EXERCISE MATERIAL:
◇ ◇ ◇ ◇

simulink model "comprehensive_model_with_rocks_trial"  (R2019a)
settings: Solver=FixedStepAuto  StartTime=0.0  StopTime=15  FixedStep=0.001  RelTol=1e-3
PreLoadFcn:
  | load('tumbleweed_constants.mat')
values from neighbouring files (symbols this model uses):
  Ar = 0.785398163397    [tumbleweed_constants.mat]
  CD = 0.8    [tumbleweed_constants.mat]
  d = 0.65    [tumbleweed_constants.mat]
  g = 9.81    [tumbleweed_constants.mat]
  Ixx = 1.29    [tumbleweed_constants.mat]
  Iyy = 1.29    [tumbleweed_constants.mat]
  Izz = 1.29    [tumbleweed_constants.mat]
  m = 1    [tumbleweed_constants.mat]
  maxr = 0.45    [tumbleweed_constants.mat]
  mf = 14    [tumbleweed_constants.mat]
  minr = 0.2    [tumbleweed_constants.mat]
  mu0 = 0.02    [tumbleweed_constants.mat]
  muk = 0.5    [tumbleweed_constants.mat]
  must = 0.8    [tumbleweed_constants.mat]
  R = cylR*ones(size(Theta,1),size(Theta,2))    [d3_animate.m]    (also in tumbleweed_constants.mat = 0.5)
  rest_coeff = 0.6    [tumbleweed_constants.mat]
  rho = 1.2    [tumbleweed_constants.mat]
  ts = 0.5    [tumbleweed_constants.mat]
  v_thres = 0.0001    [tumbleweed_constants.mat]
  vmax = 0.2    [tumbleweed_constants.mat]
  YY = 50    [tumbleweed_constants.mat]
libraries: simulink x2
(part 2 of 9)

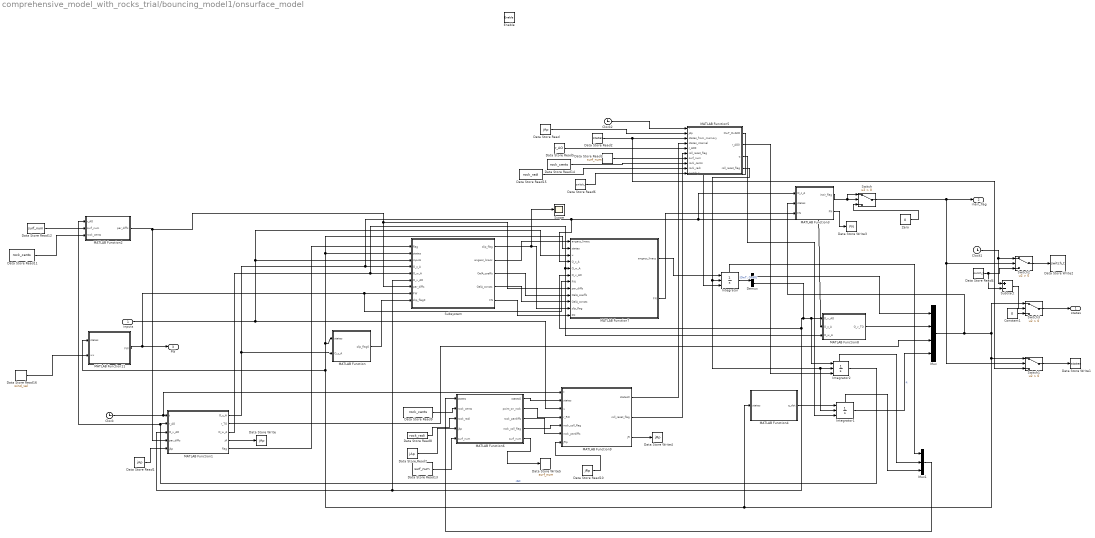
== system comprehensive_model_with_rocks_trial/bouncing_model1/onsurface_model ==
  "inputs " : Inport
  Enable : EnablePort  StatesWhenEnabling=reset
  Clock : Clock
  Clock1 : Clock
  Clock2 : Clock
  Constant1 : Constant  Value=0  VectorParams1D=off
  Data Store Read : DataStoreRead  DataStoreName=jAp
  Data Store Read1 : DataStoreRead  DataStoreName=jAp
  Data Store Read10 : DataStoreRead  DataStoreName=jRp
  Data Store Read11 : DataStoreRead  DataStoreName=rock_cents
  Data Store Read12 : DataStoreRead  DataStoreName=surf_num
  Data Store Read13 : DataStoreRead  DataStoreName=surf_num
  Data Store Read14 : DataStoreRead  DataStoreName=rock_cents
  Data Store Read15 : DataStoreRead  DataStoreName=rock_radi
  Data Store Read16 : DataStoreRead  DataStoreName=wind_vel
  Data Store Read2 : DataStoreRead  DataStoreName=states
  Data Store Read3 : DataStoreRead  DataStoreName=surf_num
  Data Store Read4 : DataStoreRead  DataStoreName=switch_t
  Data Store Read5 : DataStoreRead  DataStoreName=r_AO
  Data Store Read6 : DataStoreRead  DataStoreName=switch_t
  Data Store Read7 : DataStoreRead  DataStoreName=jAp
  Data Store Read8 : DataStoreRead  DataStoreName=rock_radi
  Data Store Read9 : DataStoreRead  DataStoreName=rock_cents
  Data Store Write : DataStoreWrite  DataStoreName=jAp
  Data Store Write1 : DataStoreWrite  DataStoreName=states
  Data Store Write2 : DataStoreWrite  DataStoreName=switch_t
  Data Store Write3 : DataStoreWrite  DataStoreName=FN
  Data Store Write4 : DataStoreWrite  DataStoreName=jRp
  Data Store Write5 : DataStoreWrite  DataStoreName=surf_num
  Demux : Demux  Outputs=[3;3]
  Integrator : Integrator  ExternalReset=level hold  InitialConditionSource=external  ShowStatePort=on
  Integrator1 : Integrator  ExternalReset=level hold  InitialConditionSource=external  ShowStatePort=on
  Integrator2 : Integrator  ExternalReset=level hold  InitialConditionSource=external  InitialCondition=[0;0;10]  ShowStatePort=on
  MATLAB Function : MATLAB Function  TreatAsAtomicUnit=on
  MATLAB Function1 : MATLAB Function  Priority=1  TreatAsAtomicUnit=on
  MATLAB Function11 : MATLAB Function  TreatAsAtomicUnit=on
  MATLAB Function2 : MATLAB Function  TreatAsAtomicUnit=on
  MATLAB Function3 : MATLAB Function  TreatAsAtomicUnit=on
  MATLAB Function4 : MATLAB Function  TreatAsAtomicUnit=on
  MATLAB Function5 : MATLAB Function  TreatAsAtomicUnit=on
  MATLAB Function6 : MATLAB Function  TreatAsAtomicUnit=on
  MATLAB Function7 : MATLAB Function  TreatAsAtomicUnit=on
  MATLAB Function8 : MATLAB Function  TreatAsAtomicUnit=on
  MATLAB Function9 : MATLAB Function  TreatAsAtomicUnit=on
  Mux : Mux  Inputs=[3;3;3;4]
  Mux1 : Mux  Inputs=[6;3;4]
  Scope : Scope
  Subsystem : Subsystem
  Subtract : Sum  Inputs=+-
  Switch{,1..3} (4 alike) : Switch  Criteria=u2 > Threshold
  Zero : Constant  Value=0  OutDataTypeStr=Inherit: Inherit via back propagation
  states : Outport
  inair_flag : Outport  Port=2  InitialOutput=1
  FW : Outport  Port=3
  wires:
  MATLAB Function2/1(par_diffs) -> MATLAB Function1/4(par_diffs), MATLAB Function7/8(par_diffs), Subsystem/7(par_diffs)
  MATLAB Function5/1(OwT_OvAO0) -> Integrator/3
  Subsystem/4(OalA_consts) -> MATLAB Function7/10(OalA_consts)
  Subsystem/3(OalA_coeffs) -> MATLAB Function7/9(OalA_coeffs)
  Subsystem/1(slip_flag) -> Scope/1, MATLAB Function7/11(slip_flag)
  Subsystem/2(angacc_linacc) -> MATLAB Function7/1("angacc_linacc ")
  MATLAB Function/1(slip_flag0) -> Subsystem/9(slip_flag0)
  "inputs "/1 -> MATLAB Function9/3(u), Subsystem/3(inputs), MATLAB Function7/3(u)
  MATLAB Function7/1(angacc_linacc) -> Integrator/1
  MATLAB Function1/5(flag) -> Subsystem/1(flag)
  Demux/2 -> Subsystem/6(O_v_AO), MATLAB Function1/3(O_v_AO), MATLAB Function7/6(O_v_AO), MATLAB Function8/1(O_v_AO), Integrator2/1
  Integrator/1 -> Demux/1  "[OwT; OvAO]"
  MATLAB Function4/1(q_dot) -> Integrator1/1
  MATLAB Function5/2(r_AO0) -> Integrator2/3
  MATLAB Function8/1(O_v_TO) -> Mux/2
  Demux/1 -> Mux/1
  Integrator2/1 -> MATLAB Function2/1(r_AO), MATLAB Function1/2(r_AO)  "rAO"
  MATLAB Function1/2(r_TO) -> Mux/3
  Integrator1/1 -> Mux/4  "q"
  MATLAB Function1/1(O_c_A) -> Subsystem/4(O_c_A), MATLAB Function8/2(O_c_A), MATLAB Function3/1(O_c_A), MATLAB Function7/4(O_c_A), MATLAB Function/2(O_c_A)
  MATLAB Function1/3(O_w_A) -> Subsystem/5(O_w_A), MATLAB Function8/3(O_w_A), MATLAB Function7/5(O_w_A)
  MATLAB Function11/1(FW) -> Subsystem/8(FW), MATLAB Function7/7(FW), FW/1
  Clock/1 -> MATLAB Function9/1(t), MATLAB Function1/1(t)
  Mux/1 -> MATLAB Function3/2(states), Subsystem/2(states), MATLAB Function7/2(states), MATLAB Function/1(states), MATLAB Function11/1(states), MATLAB Function4/1(states), Switch1/1, Switch3/1
  MATLAB Function1/4(jA) -> Data Store Write/1
  Data Store Read/1 -> MATLAB Function5/2(jAp)
  Data Store Read1/1 -> MATLAB Function1/5(jAp)
  Subsystem/5(FN) -> MATLAB Function7/12("FN ")
  MATLAB Function7/2(FN) -> MATLAB Function3/3("FN ")
  MATLAB Function3/1(inair_flag) -> Switch/1, Switch/2
  Switch/1 -> Switch2/2, Switch1/2, inair_flag/1
  Zero/1 -> Switch/3
  MATLAB Function5/3(q) -> Integrator1/3
  Switch1/1 -> Data Store Write1/1
  Switch2/1 -> Data Store Write2/1
  Data Store Read4/1 -> Subtract/2, Switch2/3
  Clock1/1 -> Subtract/1, Switch2/1
  Switch3/1 -> states/1
  Subtract/1 -> Switch3/2
  Constant1/1 -> Switch3/3
  Data Store Read5/1 -> MATLAB Function5/5("r_AO0 ")
  MATLAB Function3/2(FN) -> Data Store Write3/1
  MATLAB Function9/1(states0) -> MATLAB Function5/4(states_internal)
  Data Store Read2/1 -> Switch1/3, MATLAB Function5/3(states_from_memory)
  Data Store Read6/1 -> MATLAB Function5/10(switch_t)
  MATLAB Function6/4(rock_coll_flag) -> MATLAB Function9/5(rock_coll_flag)
  MATLAB Function6/3(rock_pardiffs) -> MATLAB Function9/6(rock_pardiffs)
  MATLAB Function6/2(point_on_rock) -> MATLAB Function9/4(r_RO)
  MATLAB Function6/1(states0) -> MATLAB Function9/2(states)
  Data Store Read7/1 -> MATLAB Function6/4(jAp)
  Data Store Read8/1 -> MATLAB Function6/3(rock_radi)
  Data Store Read9/1 -> MATLAB Function6/2(rock_cents)
  Mux1/1 -> MATLAB Function6/1(states)
  Integrator/State -> Mux1/1
  Integrator2/State -> Mux1/2
  Integrator1/State -> Mux1/3
  Data Store Read10/1 -> MATLAB Function9/7(jRp)
  MATLAB Function9/3(jR) -> Data Store Write4/1
  MATLAB Function9/2(roll_reset_flag) -> MATLAB Function5/6("roll_reset_flag ")
  MATLAB Function5/4(roll_reset_flag) -> Integrator/2, Integrator1/2, Integrator2/2
  Data Store Read3/1 -> MATLAB Function5/7(surf_num)
  Data Store Read11/1 -> MATLAB Function2/3(rock_cents)
  Data Store Read12/1 -> MATLAB Function2/2(surf_num)
  Data Store Read13/1 -> MATLAB Function6/5("surf_num ")
  Data Store Read14/1 -> MATLAB Function5/8(rock_cents)
  Data Store Read15/1 -> MATLAB Function5/9(rock_radi)
  Clock2/1 -> MATLAB Function5/1(t)
  MATLAB Function6/5(surf_num) -> Data Store Write5/1
  Data Store Read16/1 -> MATLAB Function11/2(wx)

== system comprehensive_model_with_rocks_trial/command filter based backstepper/Command filter ==
  alpha : Inport
  Demux : Demux  Commented=on  Outputs=3
  Demux1 : Demux  Commented=on  Outputs=2
  Demux2 : Demux  Commented=on  Outputs=2
  Demux3 : Demux  Commented=on  Outputs=2
  Demux4 : Demux  Outputs=3
  Gain : Gain  Gain=2
  Gain1 : Gain  Gain=2
  Gain2 : Gain  Gain=2
  Gain3 : Gain  Gain=5
  Gain4 : Gain  Gain=5
  Gain5 : Gain  Gain=5
  Integrator : Integrator
  Integrator1 : Integrator  InitialCondition=0.325
  Integrator2 : Integrator
  Integrator3 : Integrator
  Integrator4 : Integrator  InitialCondition=0.325
  Integrator5 : Integrator  InitialCondition=0.325
  Mux : Mux  Commented=on  Inputs=3
  Mux1 : Mux  Commented=on  Inputs=3
  Mux2 : Mux  Inputs=3
  Mux3 : Mux  Inputs=3
  State-Space : StateSpace  Commented=on  A=[0, 10; -2*0.8*10, -10]  B=[0;20]  C=[1,0;0,1]  D=[0;0]  InitialCondition=[0;0]
  State-Space1 : StateSpace  Commented=on  A=[0, 10; -2*0.8*10, -10]  B=[0;20]  C=[1,0;0,1]  D=[0;0]  InitialCondition=[0;0]
  State-Space2 : StateSpace  Commented=on  A=[0, 10; -2*0.8*10, -10]  B=[0;5]  C=[1,0;0,1]  D=[0;0]  InitialCondition=[0;0]
  Subtract{,1..5} (6 alike) : Sum  Inputs=+-
  wc : Outport
  wc_dot : Outport  Port=2
  wires:
  State-Space/1 -> Demux1/1
  Demux/1 -> State-Space/1
  Demux/2 -> State-Space1/1
  Demux/3 -> State-Space2/1
  State-Space1/1 -> Demux2/1
  Demux2/1 -> Mux/2
  State-Space2/1 -> Demux3/1
  Demux1/1 -> Mux/1
  Demux3/1 -> Mux/3
  Demux1/2 -> Mux1/1
  Demux2/2 -> Mux1/2
  Demux3/2 -> Mux1/3
  Mux2/1 -> wc/1
  alpha/1 -> Demux4/1
  Demux4/1 -> Subtract/1  "v1_sat"
  Gain3/1 -> Integrator/1
  Subtract/1 -> Gain/1  "v1_sat - z1"
  Subtract5/1 -> Gain5/1
  Gain/1 -> Subtract3/1
  Subtract2/1 -> Gain2/1
  Integrator2/1 -> Mux3/2, Subtract4/2, Integrator4/1
  Gain4/1 -> Integrator2/1
  Subtract1/1 -> Gain1/1
  Subtract3/1 -> Gain3/1
  Subtract4/1 -> Gain4/1
  Gain5/1 -> Integrator3/1
  Integrator/1 -> Integrator1/1, Mux3/1, Subtract3/2  "z2"
  Integrator5/1 -> Subtract2/2, Mux2/3
  Mux3/1 -> wc_dot/1
  Gain1/1 -> Subtract4/1
  Gain2/1 -> Subtract5/1
  Integrator4/1 -> Subtract1/2, Mux2/2
  Integrator3/1 -> Mux3/3, Subtract5/2, Integrator5/1
  Integrator1/1 -> Subtract/2, Mux2/1  "z1"
  Demux4/2 -> Subtract1/1
  Demux4/3 -> Subtract2/1

== system comprehensive_model_with_rocks_trial/command filter based backstepper/Subsystem ==
  v : Inport
  states : Inport  Port=2
  Add : Sum  Inputs=+-
  Add1 : Sum  Inputs=+-
  Add2 : Sum  Inputs=+-
  Demux : Demux  Outputs=3
  Derivative : Derivative  CoefficientInTFapproximation=0
  Gain : Gain  Gain=10^2
  Gain1 : Gain  Gain=2*0.1*10
  Gain2 : Gain  Gain=10^2
  Gain3 : Gain  Gain=2*0.1*10
  Gain4 : Gain  Gain=10^2
  Gain5 : Gain  Gain=2*0.1*10
  Integrator1 : Integrator  InitialCondition=d/2
  Integrator2 : Integrator  InitialCondition=d/2
  Integrator3 : Integrator  InitialCondition=d/2
  MATLAB Function : MATLAB Function  TreatAsAtomicUnit=on
  Mux : Mux  Inputs=3
  Mux1 : Mux  Inputs=3
  Saturation : Saturate  UpperLimit=vmax  LowerLimit=-vmax
  Saturation1 : Saturate  UpperLimit=vmax  LowerLimit=-vmax
  Saturation2 : Saturate  UpperLimit=maxr  LowerLimit=minr
  Saturation3 : Saturate  UpperLimit=maxr  LowerLimit=minr
  Saturation4 : Saturate  UpperLimit=vmax  LowerLimit=-vmax
  Saturation5 : Saturate  UpperLimit=maxr  LowerLimit=minr
  Subtract : Sum  Inputs=+-
  Subtract1 : Sum  Inputs=+-
  Subtract2 : Sum  Inputs=+-
  u : Outport
  u_dot : Outport  Port=2
  u_ddot : Outport  Port=3
  f3_u : Outport  Port=4
  wires:
  Saturation/1 -> Mux1/1, Gain1/1, Integrator1/1
  Demux/1 -> Saturation2/1
  Gain1/1 -> Subtract/2
  Gain/1 -> Subtract/1
  Subtract/1 -> Saturation/1
  Integrator1/1 -> Mux/1, Add/2
  Add/1 -> Gain/1
  Saturation2/1 -> Add/1
  v/1 -> Demux/1
  Saturation1/1 -> Integrator2/1, Mux1/2, Gain3/1
  Saturation3/1 -> Add1/1
  Add1/1 -> Gain2/1
  Integrator2/1 -> Add1/2, Mux/2
  Gain2/1 -> Subtract1/1
  Gain3/1 -> Subtract1/2
  Demux/2 -> Saturation3/1
  Subtract1/1 -> Saturation1/1
  Saturation4/1 -> Gain5/1, Integrator3/1
  Saturation5/1 -> Add2/1
  Add2/1 -> Gain4/1
  Integrator3/1 -> Mux1/3, Add2/2, Mux/3
  Gain4/1 -> Subtract2/1
  Gain5/1 -> Subtract2/2
  Demux/3 -> Saturation5/1
  Subtract2/1 -> Saturation4/1
  Mux1/1 -> Derivative/1, u_dot/1, MATLAB Function/2(u_dot)
  Mux/1 -> u/1, MATLAB Function/1(u)
  Derivative/1 -> MATLAB Function/3(u_ddot), u_ddot/1
  states/1 -> MATLAB Function/4(states)
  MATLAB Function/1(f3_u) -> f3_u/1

◇ ◇ ◇ ◇

THE PROBLEM:
Whenever a line of the listing above holds the word "simulink", copy that line.

SOLUTION:
simulink model "comprehensive_model_with_rocks_trial"  (R2019a)
libraries: simulink x2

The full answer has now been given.